::: DATA PROVIDED

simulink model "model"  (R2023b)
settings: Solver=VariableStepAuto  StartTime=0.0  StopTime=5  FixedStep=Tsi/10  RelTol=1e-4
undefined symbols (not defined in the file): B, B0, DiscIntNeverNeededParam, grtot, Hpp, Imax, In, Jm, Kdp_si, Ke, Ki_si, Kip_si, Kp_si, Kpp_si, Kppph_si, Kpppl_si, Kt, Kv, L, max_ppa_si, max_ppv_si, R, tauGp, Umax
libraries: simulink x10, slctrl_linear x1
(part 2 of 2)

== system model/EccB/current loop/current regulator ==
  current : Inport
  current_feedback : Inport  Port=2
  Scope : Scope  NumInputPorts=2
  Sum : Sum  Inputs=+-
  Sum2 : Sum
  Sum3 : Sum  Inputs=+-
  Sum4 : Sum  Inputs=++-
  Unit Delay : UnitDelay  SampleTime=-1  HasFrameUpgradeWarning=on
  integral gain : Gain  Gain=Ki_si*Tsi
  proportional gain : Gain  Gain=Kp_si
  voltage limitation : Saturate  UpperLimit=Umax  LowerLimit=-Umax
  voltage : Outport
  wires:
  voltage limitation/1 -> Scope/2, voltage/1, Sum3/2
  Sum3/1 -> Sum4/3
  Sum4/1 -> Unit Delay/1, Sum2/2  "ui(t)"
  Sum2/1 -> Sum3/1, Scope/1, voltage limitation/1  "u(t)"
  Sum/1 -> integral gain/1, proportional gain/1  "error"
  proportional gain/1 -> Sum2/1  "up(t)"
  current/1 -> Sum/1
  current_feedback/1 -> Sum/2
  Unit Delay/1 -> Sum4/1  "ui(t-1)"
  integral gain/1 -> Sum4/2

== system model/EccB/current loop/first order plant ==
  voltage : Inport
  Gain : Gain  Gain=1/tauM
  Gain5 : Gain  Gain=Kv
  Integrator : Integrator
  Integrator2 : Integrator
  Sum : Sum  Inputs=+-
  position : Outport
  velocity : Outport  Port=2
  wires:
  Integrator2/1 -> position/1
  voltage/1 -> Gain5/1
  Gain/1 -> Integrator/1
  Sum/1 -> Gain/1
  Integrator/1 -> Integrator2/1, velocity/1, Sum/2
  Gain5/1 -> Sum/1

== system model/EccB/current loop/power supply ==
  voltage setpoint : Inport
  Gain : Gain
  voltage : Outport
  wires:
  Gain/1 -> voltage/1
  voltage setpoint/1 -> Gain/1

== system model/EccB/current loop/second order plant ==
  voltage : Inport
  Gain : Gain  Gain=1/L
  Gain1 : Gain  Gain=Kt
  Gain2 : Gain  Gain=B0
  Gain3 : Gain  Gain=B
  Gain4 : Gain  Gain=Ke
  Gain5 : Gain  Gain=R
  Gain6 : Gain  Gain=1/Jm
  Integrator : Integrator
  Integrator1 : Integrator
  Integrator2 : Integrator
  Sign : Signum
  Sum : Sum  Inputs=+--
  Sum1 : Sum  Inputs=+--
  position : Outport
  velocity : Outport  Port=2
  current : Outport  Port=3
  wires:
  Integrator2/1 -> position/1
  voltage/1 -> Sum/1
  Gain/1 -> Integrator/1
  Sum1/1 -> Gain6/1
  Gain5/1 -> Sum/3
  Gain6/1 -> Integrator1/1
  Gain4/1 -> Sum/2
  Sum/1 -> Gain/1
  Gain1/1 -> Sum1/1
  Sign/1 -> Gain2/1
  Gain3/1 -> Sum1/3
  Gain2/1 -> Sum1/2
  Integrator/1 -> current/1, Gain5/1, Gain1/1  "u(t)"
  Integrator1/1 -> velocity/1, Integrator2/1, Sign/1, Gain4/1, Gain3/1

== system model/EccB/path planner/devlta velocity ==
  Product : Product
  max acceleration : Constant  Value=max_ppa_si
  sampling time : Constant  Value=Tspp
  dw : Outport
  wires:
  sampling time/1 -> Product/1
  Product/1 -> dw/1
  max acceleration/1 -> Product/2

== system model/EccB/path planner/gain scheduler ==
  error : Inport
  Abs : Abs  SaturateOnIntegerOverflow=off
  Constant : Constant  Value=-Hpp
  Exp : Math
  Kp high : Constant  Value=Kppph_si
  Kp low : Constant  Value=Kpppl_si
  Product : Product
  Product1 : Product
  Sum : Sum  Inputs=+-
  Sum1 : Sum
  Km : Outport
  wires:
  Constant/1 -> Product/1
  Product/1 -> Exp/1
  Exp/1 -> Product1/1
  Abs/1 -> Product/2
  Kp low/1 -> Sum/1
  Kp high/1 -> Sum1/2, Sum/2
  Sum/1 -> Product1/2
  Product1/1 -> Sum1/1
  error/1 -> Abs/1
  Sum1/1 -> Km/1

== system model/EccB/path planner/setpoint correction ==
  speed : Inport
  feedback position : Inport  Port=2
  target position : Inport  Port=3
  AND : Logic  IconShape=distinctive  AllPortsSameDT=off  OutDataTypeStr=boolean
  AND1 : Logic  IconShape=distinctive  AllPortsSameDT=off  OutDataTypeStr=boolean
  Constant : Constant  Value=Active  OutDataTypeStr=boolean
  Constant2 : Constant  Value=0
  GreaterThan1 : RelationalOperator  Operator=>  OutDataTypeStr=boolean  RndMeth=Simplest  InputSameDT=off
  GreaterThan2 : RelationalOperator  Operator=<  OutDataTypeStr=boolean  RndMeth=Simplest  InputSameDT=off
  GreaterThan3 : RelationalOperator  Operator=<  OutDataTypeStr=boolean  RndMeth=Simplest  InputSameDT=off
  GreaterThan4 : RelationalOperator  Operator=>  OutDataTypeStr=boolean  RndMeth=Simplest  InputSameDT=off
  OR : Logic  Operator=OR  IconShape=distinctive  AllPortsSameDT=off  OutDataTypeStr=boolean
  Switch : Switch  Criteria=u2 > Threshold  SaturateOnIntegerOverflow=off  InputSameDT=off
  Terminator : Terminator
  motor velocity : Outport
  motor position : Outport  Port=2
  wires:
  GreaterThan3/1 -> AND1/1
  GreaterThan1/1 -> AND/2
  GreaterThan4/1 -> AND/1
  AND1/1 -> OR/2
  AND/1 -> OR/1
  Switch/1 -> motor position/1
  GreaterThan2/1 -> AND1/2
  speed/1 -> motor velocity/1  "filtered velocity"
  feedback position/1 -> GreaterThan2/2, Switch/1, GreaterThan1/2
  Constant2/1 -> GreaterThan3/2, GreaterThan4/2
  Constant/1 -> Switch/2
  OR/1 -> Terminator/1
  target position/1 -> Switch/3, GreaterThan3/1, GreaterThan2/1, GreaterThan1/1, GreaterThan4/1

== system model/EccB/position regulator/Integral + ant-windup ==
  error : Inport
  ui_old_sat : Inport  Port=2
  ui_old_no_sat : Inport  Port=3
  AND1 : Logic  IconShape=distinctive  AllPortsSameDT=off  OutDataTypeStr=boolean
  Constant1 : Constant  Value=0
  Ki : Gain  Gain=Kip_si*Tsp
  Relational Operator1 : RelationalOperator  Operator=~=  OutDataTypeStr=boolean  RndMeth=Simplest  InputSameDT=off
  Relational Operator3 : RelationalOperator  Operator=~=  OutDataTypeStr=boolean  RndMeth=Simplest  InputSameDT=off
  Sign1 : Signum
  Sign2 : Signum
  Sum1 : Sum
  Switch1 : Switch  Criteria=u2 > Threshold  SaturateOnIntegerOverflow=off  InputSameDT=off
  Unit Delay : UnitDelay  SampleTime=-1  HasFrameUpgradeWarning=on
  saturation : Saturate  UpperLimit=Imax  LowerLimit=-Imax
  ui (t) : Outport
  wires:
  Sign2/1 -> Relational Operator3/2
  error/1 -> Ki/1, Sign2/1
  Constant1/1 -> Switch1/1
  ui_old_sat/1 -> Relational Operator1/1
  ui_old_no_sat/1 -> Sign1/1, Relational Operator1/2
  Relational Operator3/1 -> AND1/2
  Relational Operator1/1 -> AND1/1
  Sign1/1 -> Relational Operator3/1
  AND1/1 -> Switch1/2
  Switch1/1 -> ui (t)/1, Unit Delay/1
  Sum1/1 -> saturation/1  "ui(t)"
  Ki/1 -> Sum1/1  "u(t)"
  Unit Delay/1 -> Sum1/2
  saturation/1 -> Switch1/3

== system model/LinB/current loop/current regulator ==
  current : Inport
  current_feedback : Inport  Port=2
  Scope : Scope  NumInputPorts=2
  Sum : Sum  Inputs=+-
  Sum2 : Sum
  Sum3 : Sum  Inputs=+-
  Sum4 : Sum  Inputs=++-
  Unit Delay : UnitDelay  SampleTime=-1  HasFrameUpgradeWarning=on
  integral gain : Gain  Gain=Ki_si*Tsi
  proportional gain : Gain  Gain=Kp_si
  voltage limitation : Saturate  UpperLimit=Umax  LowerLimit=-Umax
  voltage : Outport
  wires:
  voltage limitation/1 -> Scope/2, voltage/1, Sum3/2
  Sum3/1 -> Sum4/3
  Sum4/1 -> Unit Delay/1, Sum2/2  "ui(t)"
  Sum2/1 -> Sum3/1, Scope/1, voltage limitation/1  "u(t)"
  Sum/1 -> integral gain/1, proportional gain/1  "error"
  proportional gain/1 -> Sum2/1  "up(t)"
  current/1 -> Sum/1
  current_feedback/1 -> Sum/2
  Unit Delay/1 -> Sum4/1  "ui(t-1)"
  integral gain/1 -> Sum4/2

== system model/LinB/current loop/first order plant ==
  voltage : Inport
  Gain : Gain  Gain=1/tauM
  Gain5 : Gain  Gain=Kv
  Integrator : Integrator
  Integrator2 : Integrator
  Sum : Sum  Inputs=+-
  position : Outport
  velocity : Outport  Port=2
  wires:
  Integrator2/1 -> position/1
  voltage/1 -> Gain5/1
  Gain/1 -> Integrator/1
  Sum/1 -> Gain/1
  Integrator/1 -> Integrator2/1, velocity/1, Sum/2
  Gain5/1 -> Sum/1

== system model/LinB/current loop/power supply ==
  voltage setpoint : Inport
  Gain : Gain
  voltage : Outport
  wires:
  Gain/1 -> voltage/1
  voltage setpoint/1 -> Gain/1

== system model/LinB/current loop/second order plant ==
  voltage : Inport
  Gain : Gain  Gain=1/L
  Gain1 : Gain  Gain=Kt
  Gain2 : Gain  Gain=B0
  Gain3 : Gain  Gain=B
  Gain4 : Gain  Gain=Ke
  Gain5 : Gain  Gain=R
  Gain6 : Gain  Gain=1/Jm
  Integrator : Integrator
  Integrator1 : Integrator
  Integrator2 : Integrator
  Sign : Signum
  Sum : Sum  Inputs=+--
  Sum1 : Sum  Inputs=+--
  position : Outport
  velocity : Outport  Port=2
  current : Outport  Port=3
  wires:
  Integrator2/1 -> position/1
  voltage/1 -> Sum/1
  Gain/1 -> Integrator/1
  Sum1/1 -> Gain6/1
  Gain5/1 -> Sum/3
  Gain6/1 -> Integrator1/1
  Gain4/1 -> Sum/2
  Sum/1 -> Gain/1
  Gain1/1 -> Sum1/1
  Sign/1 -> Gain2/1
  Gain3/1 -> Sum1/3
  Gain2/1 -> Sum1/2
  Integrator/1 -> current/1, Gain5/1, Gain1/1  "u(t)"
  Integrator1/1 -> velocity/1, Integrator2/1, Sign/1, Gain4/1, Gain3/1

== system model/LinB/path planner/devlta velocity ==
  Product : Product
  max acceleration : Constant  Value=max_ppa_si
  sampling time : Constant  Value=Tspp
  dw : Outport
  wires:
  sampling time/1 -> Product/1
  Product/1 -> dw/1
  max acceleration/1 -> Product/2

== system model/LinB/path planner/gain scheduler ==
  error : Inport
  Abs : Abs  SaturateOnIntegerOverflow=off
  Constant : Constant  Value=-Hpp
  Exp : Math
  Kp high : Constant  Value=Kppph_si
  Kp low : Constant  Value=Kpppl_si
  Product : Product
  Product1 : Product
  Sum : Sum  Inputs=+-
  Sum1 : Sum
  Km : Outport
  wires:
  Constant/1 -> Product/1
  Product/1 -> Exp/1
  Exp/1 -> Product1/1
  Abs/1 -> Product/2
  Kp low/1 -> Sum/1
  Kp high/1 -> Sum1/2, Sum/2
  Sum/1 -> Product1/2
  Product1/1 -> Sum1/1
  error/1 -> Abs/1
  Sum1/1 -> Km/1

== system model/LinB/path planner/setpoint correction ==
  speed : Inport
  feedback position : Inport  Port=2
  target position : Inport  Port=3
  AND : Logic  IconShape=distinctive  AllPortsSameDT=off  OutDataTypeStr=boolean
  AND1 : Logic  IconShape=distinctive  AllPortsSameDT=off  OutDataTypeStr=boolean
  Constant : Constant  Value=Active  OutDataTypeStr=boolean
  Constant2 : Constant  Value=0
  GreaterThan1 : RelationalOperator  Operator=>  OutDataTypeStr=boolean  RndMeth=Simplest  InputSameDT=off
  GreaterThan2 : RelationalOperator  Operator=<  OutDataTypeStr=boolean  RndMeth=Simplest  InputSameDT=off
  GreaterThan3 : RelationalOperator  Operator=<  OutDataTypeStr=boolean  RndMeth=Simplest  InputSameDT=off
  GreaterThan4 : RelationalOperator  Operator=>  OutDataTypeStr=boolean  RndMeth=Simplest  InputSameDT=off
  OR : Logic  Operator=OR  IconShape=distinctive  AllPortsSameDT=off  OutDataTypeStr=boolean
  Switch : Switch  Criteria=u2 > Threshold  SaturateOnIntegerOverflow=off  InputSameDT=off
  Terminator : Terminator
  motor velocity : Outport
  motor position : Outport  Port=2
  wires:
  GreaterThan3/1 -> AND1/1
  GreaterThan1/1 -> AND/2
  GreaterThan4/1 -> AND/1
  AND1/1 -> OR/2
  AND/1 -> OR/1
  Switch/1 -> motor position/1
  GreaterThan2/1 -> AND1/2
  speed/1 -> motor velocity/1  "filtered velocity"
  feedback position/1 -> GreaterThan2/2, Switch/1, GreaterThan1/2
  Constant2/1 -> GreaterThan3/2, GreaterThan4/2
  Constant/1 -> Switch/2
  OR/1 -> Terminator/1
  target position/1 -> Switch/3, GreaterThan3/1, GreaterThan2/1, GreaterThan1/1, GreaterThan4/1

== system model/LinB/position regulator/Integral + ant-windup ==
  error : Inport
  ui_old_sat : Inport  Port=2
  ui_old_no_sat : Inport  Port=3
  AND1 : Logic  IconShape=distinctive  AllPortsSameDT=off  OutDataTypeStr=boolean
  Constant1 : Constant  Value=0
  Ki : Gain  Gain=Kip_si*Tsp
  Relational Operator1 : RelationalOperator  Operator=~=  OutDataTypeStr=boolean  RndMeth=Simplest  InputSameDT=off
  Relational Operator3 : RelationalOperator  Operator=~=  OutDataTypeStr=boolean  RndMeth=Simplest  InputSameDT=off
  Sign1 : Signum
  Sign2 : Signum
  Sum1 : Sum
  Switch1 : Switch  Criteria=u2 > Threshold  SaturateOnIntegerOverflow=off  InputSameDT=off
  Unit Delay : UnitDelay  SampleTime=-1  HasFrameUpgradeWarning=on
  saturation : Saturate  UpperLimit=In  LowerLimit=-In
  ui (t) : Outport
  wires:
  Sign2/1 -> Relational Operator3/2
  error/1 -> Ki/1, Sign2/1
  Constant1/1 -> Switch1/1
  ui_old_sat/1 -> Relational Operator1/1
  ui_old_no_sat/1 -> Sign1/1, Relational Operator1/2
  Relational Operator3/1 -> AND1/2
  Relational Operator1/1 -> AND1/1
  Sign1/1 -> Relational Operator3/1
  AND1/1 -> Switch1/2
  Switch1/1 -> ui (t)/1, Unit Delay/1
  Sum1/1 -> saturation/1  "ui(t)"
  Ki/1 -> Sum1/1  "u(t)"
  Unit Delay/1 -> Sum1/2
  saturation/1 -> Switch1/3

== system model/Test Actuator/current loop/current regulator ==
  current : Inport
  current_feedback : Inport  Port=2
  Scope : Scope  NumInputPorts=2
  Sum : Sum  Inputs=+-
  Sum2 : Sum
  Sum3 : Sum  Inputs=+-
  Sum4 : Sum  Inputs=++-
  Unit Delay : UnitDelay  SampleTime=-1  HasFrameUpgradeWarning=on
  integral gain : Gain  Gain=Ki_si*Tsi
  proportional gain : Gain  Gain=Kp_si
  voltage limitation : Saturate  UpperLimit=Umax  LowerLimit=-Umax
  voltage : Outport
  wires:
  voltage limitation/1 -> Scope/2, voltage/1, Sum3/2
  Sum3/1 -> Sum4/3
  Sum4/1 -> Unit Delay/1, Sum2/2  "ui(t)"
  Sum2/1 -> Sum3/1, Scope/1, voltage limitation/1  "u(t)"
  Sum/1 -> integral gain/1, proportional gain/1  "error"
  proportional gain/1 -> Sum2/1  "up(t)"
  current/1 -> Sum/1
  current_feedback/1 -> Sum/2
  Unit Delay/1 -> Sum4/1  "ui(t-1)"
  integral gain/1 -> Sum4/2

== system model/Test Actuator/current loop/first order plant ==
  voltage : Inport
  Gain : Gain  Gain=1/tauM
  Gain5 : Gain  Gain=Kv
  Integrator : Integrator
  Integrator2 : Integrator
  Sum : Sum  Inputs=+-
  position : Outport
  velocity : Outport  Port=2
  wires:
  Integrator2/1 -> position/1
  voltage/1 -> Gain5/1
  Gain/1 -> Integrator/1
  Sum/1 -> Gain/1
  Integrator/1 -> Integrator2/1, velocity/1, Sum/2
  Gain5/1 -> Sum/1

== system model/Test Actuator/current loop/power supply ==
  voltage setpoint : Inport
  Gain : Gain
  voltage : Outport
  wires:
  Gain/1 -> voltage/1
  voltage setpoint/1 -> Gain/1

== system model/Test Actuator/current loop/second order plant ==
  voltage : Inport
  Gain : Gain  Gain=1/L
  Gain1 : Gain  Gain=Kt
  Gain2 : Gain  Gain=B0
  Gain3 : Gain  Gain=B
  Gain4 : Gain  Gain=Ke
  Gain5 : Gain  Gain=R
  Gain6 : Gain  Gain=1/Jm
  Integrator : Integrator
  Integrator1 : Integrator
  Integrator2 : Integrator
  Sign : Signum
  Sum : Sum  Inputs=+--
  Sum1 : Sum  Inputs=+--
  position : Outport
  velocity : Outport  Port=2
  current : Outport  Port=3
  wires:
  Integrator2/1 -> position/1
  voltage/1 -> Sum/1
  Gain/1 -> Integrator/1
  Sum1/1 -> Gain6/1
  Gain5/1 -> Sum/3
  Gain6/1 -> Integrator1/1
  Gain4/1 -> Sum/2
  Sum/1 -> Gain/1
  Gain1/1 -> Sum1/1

::::::

EXERCISE ->
The lines you need are those with the word "LinB"; list them from the entries.

SOLUTION FOR THIS EXERCISE ->
== system model/LinB/current loop/current regulator ==
== system model/LinB/current loop/first order plant ==
== system model/LinB/current loop/power supply ==
== system model/LinB/current loop/second order plant ==
== system model/LinB/path planner/devlta velocity ==
== system model/LinB/path planner/gain scheduler ==
== system model/LinB/path planner/setpoint correction ==
== system model/LinB/position regulator/Integral + ant-windup ==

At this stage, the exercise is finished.